• Problem to work on
Of the entries below, return only those lines from the line with "#118=ORIENTED_EDGE('',*,*,#117,.T.);" to the line with "#133=CARTESIAN_POINT('',(21.5,29.,-2.));", exactly, both included.

(Excerpts from a dataset)
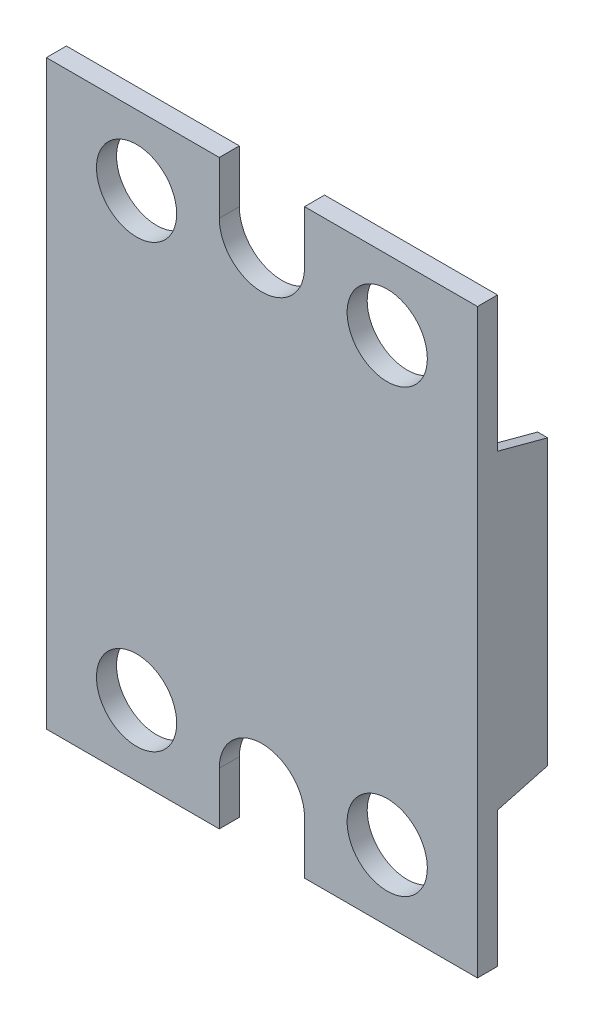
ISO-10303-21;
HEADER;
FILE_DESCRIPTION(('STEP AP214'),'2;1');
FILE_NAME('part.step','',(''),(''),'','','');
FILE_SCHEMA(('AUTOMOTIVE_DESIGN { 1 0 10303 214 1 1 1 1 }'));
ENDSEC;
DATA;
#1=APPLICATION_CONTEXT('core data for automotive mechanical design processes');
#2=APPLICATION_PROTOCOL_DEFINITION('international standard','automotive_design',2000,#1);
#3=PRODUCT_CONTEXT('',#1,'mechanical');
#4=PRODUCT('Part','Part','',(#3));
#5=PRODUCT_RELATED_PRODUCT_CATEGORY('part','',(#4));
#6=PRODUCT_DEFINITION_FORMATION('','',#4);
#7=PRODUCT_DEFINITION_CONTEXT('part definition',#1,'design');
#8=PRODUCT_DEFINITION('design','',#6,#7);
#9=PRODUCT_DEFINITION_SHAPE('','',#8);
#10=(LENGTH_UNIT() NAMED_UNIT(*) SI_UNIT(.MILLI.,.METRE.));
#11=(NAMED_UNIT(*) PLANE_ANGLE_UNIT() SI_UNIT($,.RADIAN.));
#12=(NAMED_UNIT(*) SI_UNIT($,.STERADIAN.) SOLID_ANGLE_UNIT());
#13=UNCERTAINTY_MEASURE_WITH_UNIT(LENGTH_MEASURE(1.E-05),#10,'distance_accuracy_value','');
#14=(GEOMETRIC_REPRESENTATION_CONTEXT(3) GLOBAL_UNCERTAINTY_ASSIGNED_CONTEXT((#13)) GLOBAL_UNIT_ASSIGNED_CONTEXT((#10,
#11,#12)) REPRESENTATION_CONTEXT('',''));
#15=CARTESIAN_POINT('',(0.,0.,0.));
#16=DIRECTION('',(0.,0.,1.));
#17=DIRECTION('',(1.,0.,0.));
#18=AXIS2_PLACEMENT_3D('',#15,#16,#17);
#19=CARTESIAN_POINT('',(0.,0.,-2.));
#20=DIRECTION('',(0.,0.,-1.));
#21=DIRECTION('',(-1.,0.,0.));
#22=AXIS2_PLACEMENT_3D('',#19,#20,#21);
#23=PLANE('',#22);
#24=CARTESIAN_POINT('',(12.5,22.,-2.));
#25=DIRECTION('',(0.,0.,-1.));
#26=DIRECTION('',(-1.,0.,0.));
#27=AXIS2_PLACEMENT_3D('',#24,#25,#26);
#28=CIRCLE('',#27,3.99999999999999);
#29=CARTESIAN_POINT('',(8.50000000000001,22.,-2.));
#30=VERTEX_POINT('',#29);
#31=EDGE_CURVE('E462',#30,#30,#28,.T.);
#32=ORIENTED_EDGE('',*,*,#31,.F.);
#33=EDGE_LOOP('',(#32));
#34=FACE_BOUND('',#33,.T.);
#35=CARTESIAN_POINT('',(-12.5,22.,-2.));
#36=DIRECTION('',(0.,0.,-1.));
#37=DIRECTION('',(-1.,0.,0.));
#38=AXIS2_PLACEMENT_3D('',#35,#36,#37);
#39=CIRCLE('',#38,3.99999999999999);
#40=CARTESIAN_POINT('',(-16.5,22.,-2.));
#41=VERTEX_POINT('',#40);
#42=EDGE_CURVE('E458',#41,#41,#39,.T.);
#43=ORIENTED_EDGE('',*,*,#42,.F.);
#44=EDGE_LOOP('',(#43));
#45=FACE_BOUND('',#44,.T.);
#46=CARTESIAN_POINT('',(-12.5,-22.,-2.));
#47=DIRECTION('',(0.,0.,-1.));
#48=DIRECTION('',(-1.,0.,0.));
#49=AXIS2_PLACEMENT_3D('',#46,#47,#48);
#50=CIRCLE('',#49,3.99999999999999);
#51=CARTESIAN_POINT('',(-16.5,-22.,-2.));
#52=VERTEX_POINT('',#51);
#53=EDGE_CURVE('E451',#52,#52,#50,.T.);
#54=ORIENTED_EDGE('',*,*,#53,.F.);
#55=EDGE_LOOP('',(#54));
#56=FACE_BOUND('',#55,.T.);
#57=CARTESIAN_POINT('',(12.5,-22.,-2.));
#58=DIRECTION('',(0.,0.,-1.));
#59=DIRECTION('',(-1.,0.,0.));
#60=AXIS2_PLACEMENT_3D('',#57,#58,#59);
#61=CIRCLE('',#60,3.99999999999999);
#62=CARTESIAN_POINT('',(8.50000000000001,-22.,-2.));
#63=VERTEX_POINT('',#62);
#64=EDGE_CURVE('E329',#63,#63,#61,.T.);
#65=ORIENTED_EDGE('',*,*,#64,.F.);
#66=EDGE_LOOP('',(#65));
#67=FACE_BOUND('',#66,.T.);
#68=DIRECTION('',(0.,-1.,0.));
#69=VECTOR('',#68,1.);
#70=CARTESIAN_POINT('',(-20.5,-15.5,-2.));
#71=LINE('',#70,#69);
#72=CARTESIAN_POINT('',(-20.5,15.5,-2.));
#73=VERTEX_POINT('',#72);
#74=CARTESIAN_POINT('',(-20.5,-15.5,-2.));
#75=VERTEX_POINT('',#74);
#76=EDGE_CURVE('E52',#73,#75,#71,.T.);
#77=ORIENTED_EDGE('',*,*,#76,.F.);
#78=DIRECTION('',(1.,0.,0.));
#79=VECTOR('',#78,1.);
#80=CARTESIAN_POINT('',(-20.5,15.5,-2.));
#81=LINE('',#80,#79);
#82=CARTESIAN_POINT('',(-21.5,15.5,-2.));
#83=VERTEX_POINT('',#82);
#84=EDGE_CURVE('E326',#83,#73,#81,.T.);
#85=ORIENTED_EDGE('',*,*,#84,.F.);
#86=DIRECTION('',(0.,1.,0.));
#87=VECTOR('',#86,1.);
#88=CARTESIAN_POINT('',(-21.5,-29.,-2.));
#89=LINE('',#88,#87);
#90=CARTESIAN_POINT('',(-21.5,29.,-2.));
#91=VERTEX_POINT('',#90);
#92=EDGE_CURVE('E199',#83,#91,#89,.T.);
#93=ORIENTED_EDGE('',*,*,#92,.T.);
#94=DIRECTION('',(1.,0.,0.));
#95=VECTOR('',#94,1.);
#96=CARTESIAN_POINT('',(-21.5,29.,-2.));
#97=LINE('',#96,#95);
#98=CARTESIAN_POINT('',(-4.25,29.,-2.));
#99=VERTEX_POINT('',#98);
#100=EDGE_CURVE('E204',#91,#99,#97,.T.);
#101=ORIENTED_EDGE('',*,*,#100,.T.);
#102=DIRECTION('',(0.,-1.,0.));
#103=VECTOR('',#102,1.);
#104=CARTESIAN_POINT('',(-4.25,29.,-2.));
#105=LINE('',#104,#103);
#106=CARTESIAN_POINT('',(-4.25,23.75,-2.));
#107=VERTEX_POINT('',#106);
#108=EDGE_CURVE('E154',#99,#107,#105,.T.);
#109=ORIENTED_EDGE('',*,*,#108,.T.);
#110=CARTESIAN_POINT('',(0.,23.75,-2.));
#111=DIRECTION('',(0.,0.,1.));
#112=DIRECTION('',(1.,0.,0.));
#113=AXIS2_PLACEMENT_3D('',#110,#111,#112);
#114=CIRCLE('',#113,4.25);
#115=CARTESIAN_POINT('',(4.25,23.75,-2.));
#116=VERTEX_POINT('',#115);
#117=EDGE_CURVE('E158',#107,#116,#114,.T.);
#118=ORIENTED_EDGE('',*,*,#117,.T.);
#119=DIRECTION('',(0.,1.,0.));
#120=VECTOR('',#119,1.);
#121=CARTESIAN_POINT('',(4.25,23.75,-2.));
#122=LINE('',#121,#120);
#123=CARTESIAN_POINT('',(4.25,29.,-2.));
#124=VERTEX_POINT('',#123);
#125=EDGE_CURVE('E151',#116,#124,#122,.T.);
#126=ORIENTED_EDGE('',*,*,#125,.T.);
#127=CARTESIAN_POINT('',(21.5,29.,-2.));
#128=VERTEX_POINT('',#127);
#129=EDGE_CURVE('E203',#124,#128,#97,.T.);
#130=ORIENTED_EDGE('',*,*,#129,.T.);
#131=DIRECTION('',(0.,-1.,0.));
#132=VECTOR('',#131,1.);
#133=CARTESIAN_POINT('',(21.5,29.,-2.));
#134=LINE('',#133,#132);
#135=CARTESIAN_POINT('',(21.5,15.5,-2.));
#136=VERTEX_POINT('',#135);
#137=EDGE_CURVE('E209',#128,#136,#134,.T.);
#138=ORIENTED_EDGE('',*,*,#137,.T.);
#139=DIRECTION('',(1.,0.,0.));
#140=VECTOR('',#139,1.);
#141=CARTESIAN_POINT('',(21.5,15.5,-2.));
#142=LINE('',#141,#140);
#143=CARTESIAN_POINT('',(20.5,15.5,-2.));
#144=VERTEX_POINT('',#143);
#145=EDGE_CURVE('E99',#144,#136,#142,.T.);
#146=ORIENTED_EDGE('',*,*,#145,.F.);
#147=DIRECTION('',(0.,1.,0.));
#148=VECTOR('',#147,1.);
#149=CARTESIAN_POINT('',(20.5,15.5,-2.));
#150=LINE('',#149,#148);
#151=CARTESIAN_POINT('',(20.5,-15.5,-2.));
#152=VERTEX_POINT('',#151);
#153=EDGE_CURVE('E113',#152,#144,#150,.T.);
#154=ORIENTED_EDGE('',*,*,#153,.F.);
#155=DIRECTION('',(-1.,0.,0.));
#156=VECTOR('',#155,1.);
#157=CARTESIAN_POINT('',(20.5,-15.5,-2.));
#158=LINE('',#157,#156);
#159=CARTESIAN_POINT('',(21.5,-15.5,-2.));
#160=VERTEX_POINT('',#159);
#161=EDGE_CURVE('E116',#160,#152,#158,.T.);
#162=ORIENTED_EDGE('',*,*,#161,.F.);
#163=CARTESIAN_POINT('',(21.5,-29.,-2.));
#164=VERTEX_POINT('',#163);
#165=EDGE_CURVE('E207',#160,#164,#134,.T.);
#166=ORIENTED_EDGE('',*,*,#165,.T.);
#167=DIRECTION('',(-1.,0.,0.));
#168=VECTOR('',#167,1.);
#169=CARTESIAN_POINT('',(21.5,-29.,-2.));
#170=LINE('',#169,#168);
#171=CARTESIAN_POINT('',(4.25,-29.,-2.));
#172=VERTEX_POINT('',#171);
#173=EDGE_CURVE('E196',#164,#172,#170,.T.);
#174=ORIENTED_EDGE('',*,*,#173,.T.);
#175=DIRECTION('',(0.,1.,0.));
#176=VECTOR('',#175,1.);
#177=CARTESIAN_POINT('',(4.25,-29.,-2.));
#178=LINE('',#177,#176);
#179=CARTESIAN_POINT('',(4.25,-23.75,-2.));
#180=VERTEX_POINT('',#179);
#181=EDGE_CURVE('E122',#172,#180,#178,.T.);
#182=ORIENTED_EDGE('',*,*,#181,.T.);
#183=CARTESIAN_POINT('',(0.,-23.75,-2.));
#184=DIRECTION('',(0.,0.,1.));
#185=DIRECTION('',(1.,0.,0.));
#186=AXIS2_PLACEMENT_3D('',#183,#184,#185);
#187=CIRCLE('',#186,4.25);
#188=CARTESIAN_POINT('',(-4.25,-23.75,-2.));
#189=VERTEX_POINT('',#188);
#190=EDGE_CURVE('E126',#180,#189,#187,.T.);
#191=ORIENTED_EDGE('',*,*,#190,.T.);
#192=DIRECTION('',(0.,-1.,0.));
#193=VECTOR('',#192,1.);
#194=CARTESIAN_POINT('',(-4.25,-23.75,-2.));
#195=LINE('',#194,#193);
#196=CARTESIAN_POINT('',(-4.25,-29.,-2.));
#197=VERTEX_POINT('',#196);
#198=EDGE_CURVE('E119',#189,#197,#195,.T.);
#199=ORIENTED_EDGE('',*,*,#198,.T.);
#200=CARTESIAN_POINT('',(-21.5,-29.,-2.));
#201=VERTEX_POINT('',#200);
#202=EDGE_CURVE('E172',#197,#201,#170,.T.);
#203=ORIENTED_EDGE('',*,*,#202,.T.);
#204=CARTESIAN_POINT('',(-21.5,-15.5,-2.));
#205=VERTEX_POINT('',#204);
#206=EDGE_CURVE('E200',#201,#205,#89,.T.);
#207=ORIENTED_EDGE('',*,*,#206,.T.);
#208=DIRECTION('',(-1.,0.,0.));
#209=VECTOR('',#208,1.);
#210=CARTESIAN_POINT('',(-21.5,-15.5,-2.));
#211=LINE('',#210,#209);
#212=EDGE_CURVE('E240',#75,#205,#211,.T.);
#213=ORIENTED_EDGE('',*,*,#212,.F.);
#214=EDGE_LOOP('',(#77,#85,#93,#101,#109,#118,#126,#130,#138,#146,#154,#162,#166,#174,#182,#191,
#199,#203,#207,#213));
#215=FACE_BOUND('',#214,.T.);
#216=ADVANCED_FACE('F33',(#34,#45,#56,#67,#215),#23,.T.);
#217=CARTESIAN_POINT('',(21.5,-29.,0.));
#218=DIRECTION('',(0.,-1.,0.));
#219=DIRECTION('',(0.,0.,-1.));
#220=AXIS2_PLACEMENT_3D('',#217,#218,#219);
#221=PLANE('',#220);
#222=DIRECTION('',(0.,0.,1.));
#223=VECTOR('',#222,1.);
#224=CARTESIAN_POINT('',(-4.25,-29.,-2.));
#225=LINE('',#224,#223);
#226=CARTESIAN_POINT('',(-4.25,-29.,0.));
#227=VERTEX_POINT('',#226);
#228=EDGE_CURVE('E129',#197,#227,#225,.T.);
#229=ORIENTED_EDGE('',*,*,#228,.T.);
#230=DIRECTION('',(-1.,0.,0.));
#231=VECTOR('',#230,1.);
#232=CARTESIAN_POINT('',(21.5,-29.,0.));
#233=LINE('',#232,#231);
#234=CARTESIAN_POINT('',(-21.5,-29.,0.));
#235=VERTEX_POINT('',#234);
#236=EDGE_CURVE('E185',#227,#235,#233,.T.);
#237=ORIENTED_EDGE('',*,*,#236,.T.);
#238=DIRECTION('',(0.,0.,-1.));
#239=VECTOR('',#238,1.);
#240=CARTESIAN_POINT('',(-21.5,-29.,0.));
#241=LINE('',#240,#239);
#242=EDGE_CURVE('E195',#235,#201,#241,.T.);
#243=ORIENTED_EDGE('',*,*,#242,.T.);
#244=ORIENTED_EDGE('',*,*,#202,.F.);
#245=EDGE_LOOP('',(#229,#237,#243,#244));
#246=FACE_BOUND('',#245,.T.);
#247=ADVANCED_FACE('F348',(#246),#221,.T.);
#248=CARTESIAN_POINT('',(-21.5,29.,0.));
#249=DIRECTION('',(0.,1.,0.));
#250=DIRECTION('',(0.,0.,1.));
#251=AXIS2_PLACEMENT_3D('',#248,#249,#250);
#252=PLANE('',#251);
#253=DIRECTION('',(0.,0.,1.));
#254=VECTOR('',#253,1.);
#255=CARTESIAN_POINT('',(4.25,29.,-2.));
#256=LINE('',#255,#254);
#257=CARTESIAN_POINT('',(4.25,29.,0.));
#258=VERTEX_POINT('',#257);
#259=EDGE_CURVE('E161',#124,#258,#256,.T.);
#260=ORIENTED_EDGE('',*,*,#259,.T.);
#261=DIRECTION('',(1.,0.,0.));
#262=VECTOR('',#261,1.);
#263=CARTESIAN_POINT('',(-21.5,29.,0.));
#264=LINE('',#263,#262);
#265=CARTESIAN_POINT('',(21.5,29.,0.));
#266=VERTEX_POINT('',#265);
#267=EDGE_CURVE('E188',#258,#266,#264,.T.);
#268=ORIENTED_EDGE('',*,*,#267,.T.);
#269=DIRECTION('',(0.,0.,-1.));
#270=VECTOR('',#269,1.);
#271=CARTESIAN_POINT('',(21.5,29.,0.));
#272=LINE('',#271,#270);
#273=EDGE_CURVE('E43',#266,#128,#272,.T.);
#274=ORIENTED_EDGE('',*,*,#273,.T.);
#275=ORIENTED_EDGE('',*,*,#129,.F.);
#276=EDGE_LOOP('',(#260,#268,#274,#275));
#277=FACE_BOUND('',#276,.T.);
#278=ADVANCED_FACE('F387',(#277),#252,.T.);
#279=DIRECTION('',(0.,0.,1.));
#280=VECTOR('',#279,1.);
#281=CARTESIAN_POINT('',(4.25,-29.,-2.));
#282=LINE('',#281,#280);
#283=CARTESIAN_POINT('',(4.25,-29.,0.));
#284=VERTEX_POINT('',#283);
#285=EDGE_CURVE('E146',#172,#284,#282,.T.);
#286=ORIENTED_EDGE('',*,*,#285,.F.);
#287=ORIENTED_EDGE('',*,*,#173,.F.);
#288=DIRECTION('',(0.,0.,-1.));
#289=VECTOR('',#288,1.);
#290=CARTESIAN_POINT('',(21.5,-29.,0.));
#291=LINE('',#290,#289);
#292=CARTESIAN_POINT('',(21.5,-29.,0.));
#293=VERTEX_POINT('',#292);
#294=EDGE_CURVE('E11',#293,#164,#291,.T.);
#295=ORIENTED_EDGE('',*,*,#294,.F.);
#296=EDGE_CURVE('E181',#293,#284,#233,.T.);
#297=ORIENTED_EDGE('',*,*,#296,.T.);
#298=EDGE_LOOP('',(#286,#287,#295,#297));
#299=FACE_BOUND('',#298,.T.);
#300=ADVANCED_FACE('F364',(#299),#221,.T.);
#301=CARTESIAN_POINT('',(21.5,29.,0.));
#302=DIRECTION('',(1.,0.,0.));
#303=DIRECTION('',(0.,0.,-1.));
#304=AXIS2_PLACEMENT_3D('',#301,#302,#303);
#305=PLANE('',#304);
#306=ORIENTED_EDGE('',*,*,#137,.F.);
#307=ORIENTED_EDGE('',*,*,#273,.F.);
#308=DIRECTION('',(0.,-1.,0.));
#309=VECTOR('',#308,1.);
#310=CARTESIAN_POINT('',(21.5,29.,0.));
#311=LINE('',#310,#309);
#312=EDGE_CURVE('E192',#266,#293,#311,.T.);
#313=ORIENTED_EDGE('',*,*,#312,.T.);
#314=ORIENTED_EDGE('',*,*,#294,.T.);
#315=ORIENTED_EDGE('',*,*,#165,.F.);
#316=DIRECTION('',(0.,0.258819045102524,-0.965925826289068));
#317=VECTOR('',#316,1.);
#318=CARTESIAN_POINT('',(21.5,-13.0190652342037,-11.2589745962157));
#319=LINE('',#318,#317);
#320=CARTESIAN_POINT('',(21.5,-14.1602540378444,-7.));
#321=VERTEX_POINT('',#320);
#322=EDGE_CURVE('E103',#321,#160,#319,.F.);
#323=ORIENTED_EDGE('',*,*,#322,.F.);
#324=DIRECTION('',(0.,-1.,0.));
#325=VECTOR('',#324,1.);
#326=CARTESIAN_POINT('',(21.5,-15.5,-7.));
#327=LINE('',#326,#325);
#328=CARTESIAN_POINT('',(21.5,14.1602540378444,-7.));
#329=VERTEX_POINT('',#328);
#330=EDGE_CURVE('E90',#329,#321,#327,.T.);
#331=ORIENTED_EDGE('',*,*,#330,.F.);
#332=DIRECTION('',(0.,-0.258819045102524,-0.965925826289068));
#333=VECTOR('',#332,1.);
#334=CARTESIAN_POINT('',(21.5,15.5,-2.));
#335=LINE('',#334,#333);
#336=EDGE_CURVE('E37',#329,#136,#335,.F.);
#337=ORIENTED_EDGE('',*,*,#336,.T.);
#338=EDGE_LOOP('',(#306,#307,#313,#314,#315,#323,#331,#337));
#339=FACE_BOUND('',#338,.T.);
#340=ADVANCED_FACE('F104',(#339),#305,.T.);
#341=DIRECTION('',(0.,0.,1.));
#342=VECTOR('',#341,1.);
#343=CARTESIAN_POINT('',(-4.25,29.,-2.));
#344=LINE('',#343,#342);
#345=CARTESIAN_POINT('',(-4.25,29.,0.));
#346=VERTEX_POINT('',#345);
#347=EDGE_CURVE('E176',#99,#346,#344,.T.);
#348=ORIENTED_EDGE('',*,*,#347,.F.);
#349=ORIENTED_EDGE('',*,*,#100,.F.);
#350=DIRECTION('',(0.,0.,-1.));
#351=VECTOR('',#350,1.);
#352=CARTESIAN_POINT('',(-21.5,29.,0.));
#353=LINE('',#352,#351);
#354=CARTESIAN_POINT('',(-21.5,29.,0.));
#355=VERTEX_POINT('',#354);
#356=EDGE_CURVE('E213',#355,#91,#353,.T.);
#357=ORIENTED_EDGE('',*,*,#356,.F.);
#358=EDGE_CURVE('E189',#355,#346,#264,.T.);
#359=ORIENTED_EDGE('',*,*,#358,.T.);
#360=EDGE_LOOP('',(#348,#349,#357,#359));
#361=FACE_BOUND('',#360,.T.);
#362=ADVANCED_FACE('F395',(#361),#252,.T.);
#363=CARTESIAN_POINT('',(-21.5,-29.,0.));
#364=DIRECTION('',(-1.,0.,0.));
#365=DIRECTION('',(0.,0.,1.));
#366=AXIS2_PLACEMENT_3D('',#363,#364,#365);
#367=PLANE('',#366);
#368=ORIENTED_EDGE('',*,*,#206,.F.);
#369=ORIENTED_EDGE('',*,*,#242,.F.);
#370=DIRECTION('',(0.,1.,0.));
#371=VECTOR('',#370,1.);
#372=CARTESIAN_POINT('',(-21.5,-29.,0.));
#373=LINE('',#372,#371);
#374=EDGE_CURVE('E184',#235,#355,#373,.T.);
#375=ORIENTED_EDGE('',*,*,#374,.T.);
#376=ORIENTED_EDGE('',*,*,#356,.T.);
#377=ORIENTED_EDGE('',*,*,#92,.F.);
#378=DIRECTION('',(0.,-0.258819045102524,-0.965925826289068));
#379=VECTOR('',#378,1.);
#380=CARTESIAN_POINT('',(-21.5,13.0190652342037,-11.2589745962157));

• Exercise solution
#118=ORIENTED_EDGE('',*,*,#117,.T.);
#119=DIRECTION('',(0.,1.,0.));
#120=VECTOR('',#119,1.);
#121=CARTESIAN_POINT('',(4.25,23.75,-2.));
#122=LINE('',#121,#120);
#123=CARTESIAN_POINT('',(4.25,29.,-2.));
#124=VERTEX_POINT('',#123);
#125=EDGE_CURVE('E151',#116,#124,#122,.T.);
#126=ORIENTED_EDGE('',*,*,#125,.T.);
#127=CARTESIAN_POINT('',(21.5,29.,-2.));
#128=VERTEX_POINT('',#127);
#129=EDGE_CURVE('E203',#124,#128,#97,.T.);
#130=ORIENTED_EDGE('',*,*,#129,.T.);
#131=DIRECTION('',(0.,-1.,0.));
#132=VECTOR('',#131,1.);
#133=CARTESIAN_POINT('',(21.5,29.,-2.));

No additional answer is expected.